### Work instructions
After locating the line that holds "#300=VECTOR('',#299,1.);", output it and all following lines word for word, stopping only at the end of the data.

### Material shown
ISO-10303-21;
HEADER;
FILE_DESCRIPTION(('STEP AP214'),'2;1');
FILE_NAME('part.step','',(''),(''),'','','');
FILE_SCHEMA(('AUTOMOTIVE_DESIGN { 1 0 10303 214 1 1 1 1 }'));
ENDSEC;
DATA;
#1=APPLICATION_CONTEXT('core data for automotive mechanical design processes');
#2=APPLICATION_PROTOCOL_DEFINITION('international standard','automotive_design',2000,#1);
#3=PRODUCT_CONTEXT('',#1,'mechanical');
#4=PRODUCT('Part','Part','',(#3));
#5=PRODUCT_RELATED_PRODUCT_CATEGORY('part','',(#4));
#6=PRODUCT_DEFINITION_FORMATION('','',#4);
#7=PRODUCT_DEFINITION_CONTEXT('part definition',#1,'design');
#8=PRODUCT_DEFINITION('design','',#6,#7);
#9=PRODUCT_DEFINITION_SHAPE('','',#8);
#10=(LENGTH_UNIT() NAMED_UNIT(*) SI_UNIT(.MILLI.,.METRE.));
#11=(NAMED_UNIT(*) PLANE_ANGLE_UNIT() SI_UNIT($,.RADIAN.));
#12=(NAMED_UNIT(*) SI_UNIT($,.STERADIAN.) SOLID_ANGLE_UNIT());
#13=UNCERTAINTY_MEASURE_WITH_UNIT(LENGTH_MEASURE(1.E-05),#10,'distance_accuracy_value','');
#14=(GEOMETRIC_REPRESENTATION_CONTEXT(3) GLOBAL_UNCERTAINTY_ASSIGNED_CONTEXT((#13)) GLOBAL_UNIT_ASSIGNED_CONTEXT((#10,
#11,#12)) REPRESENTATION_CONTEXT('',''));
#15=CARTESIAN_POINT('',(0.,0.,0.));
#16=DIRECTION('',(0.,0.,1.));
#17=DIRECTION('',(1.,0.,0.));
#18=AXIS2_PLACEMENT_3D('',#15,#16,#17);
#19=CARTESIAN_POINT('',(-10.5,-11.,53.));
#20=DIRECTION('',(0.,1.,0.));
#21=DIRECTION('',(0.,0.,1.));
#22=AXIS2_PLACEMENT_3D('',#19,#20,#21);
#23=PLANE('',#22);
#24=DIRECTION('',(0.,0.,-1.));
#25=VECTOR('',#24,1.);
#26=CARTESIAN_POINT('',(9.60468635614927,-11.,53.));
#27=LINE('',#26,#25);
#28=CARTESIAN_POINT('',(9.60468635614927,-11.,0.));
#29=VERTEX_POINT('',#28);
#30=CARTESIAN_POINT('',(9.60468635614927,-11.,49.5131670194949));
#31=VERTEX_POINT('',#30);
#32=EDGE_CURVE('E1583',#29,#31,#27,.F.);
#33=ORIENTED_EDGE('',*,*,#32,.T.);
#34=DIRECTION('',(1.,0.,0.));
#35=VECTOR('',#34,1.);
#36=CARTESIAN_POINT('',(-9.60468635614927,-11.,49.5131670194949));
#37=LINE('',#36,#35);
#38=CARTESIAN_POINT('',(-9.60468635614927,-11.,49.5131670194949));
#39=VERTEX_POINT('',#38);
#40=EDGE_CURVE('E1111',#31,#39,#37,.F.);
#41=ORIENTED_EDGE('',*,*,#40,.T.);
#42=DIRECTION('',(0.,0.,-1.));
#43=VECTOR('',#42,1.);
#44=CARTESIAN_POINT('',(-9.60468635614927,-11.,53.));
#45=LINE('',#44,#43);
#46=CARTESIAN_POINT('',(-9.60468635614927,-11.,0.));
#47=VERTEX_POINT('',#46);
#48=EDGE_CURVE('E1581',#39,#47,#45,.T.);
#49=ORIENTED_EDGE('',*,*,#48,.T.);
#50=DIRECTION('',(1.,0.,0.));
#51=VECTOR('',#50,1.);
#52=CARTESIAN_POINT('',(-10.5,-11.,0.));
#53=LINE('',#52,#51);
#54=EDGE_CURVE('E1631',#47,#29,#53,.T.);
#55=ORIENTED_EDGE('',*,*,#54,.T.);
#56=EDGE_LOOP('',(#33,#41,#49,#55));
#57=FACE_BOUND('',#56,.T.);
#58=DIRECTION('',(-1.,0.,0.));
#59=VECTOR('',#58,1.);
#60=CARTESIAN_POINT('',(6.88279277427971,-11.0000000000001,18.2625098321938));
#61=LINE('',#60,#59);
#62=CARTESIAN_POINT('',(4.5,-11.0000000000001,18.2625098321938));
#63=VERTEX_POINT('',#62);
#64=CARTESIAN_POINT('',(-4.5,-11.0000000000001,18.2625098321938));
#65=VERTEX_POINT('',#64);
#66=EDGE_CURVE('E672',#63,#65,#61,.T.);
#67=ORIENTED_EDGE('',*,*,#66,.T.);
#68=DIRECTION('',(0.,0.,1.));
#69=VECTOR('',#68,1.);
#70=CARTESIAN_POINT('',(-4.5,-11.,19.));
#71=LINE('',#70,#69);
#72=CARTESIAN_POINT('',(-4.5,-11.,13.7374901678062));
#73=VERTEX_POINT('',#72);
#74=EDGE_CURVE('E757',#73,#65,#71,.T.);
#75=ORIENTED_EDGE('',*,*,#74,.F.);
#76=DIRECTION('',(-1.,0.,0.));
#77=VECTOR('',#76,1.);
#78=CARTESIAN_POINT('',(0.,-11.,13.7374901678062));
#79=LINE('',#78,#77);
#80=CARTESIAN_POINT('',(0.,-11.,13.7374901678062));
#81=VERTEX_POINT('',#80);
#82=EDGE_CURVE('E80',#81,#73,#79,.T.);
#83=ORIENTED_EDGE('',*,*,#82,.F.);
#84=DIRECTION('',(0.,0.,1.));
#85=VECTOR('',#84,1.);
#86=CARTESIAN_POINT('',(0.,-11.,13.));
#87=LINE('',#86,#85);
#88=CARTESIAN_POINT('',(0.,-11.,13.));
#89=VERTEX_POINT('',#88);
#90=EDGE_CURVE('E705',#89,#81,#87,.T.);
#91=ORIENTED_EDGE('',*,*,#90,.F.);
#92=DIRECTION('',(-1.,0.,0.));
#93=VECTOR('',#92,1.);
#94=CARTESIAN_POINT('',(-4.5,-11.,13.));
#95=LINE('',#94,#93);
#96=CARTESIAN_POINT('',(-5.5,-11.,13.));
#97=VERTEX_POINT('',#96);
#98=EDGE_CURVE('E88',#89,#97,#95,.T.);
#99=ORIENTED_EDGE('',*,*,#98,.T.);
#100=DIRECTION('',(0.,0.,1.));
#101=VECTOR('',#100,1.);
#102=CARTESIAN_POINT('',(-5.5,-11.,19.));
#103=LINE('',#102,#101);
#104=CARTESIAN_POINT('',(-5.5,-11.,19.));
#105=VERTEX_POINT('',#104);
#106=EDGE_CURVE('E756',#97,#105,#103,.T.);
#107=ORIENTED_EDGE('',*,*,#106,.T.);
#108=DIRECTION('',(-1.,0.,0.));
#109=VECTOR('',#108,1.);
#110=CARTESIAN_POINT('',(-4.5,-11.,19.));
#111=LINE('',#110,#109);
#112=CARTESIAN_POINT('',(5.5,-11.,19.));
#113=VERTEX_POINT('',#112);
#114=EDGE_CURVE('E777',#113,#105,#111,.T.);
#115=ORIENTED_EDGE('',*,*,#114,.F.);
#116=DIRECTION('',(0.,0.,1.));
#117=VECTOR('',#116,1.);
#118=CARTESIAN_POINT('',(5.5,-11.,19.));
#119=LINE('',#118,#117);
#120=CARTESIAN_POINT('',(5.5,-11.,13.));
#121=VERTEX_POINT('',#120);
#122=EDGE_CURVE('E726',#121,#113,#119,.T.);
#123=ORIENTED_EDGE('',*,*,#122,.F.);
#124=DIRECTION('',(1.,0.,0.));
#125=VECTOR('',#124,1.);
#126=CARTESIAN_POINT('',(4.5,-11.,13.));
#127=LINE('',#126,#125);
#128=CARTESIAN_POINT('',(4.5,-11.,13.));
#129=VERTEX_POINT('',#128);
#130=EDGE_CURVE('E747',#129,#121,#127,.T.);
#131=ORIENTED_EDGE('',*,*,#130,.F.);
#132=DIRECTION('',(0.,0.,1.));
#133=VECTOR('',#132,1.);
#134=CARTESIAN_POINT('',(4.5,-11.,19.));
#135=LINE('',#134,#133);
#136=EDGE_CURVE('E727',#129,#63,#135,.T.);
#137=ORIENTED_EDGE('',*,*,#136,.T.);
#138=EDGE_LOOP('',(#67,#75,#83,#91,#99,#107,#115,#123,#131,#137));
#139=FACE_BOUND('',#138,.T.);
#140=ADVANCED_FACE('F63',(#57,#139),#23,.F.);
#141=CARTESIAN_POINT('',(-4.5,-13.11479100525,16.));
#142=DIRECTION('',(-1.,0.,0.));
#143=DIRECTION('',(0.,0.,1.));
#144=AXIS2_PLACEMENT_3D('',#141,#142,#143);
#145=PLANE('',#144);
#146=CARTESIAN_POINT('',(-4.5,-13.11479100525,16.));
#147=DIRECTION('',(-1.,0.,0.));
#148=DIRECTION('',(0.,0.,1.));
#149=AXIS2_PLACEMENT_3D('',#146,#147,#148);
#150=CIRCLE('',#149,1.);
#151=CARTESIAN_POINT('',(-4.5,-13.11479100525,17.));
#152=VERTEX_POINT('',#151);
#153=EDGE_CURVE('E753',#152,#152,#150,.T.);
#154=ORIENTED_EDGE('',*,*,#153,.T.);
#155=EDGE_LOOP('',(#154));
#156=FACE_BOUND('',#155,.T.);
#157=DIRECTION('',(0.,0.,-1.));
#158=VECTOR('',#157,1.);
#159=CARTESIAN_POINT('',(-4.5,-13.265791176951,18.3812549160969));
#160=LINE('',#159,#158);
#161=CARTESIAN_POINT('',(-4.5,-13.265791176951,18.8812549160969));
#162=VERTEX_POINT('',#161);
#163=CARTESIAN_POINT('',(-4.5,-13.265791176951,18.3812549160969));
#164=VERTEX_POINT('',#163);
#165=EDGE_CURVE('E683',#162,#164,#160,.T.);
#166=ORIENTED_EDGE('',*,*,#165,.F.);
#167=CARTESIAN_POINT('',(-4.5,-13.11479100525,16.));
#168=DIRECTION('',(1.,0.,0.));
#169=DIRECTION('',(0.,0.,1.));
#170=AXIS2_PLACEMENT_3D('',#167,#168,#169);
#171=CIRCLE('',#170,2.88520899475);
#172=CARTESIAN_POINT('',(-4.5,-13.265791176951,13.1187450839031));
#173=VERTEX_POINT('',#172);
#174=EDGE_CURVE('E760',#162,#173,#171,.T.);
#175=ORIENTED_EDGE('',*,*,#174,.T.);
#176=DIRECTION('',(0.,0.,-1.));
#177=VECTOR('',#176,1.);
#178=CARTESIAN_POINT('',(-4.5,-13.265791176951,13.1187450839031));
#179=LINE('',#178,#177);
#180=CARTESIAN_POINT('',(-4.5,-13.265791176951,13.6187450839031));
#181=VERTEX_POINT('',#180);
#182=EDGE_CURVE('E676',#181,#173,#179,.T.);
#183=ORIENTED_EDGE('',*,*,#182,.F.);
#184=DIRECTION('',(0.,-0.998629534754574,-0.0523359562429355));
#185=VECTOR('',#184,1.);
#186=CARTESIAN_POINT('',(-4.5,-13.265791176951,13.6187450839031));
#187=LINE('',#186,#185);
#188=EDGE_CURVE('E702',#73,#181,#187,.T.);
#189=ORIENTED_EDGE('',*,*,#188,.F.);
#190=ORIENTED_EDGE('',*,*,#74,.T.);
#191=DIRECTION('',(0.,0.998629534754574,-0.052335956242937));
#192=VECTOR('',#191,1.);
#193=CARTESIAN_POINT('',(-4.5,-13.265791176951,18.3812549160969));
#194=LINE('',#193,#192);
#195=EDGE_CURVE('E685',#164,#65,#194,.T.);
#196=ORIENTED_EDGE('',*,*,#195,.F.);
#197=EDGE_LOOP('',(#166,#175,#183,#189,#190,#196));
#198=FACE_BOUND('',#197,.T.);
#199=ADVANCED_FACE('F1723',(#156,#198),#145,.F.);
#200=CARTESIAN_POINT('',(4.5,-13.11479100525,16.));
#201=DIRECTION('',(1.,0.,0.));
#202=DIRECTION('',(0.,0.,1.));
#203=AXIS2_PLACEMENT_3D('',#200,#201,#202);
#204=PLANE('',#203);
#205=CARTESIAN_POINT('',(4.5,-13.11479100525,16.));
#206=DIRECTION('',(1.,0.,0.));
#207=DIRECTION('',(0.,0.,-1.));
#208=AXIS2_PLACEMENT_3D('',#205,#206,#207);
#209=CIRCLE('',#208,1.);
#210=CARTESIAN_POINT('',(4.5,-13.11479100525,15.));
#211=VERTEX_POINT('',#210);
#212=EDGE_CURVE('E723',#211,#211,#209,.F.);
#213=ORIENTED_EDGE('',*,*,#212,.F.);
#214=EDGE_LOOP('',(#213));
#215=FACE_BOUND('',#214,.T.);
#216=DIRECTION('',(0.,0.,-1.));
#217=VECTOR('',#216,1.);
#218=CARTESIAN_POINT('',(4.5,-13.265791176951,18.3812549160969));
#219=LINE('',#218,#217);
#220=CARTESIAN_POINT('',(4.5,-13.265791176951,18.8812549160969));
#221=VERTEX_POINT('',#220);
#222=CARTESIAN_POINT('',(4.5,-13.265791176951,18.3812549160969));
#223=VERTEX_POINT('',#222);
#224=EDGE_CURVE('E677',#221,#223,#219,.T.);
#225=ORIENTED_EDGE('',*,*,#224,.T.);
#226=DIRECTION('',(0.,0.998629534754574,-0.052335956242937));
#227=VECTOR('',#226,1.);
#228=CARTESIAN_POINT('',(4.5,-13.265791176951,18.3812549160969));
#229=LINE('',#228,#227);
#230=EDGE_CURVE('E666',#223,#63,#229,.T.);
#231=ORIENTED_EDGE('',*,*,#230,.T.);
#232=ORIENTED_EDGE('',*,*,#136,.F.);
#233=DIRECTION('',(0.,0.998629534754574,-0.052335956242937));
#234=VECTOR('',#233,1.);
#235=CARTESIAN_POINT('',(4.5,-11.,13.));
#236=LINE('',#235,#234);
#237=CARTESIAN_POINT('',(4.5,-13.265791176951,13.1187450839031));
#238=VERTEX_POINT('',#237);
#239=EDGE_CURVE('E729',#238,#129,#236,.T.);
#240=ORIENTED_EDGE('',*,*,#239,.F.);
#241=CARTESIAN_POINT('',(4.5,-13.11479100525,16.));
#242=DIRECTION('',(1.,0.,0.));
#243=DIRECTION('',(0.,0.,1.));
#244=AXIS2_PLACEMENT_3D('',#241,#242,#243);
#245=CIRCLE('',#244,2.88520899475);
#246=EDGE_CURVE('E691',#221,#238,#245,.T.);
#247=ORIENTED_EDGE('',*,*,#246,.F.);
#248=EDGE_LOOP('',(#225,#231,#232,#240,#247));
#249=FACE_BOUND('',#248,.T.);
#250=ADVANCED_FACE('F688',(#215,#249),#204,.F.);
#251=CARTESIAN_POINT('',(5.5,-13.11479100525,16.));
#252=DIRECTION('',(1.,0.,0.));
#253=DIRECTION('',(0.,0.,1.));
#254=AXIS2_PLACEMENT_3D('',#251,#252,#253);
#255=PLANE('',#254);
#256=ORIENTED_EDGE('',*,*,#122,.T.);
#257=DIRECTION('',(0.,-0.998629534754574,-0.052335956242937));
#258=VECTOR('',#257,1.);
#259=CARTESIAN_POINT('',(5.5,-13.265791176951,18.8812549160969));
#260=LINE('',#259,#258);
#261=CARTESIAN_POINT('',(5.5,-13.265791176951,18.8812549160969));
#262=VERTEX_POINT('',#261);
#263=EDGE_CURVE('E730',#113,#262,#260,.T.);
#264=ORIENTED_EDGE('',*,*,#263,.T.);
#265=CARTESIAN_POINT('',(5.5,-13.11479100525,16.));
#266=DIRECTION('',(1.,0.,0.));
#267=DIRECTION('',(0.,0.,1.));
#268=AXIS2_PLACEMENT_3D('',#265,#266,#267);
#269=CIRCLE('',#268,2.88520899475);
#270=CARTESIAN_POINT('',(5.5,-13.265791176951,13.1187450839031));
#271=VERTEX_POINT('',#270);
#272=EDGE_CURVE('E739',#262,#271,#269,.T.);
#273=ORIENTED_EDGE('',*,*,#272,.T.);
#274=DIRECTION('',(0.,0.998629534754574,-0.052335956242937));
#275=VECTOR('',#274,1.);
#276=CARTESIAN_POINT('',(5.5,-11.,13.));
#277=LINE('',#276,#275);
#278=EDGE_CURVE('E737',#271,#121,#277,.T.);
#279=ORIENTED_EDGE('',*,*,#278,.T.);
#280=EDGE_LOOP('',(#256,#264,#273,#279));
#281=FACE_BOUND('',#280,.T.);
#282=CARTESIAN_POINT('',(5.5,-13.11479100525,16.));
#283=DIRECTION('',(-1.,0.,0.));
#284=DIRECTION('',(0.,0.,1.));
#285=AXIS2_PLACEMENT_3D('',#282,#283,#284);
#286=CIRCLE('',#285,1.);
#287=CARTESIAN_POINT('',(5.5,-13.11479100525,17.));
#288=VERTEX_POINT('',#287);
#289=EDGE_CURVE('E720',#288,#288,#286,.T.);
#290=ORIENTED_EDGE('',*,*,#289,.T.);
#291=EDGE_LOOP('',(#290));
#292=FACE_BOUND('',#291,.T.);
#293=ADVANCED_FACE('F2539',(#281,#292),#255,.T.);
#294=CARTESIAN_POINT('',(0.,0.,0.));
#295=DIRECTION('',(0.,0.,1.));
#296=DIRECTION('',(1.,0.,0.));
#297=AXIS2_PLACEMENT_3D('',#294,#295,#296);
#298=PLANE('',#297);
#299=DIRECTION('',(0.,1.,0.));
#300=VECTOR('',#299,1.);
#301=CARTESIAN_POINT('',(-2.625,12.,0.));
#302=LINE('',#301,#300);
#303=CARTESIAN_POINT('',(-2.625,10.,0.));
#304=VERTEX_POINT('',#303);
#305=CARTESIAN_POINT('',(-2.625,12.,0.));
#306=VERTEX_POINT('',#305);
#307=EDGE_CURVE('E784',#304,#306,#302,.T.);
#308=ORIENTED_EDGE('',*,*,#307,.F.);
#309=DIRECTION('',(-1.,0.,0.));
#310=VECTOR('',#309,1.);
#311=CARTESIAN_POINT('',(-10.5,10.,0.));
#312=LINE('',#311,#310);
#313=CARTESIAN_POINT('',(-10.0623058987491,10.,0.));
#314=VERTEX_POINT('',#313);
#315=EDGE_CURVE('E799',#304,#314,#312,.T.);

### Response to this exercise
#300=VECTOR('',#299,1.);
#301=CARTESIAN_POINT('',(-2.625,12.,0.));
#302=LINE('',#301,#300);
#303=CARTESIAN_POINT('',(-2.625,10.,0.));
#304=VERTEX_POINT('',#303);
#305=CARTESIAN_POINT('',(-2.625,12.,0.));
#306=VERTEX_POINT('',#305);
#307=EDGE_CURVE('E784',#304,#306,#302,.T.);
#308=ORIENTED_EDGE('',*,*,#307,.F.);
#309=DIRECTION('',(-1.,0.,0.));
#310=VECTOR('',#309,1.);
#311=CARTESIAN_POINT('',(-10.5,10.,0.));
#312=LINE('',#311,#310);
#313=CARTESIAN_POINT('',(-10.0623058987491,10.,0.));
#314=VERTEX_POINT('',#313);
#315=EDGE_CURVE('E799',#304,#314,#312,.T.);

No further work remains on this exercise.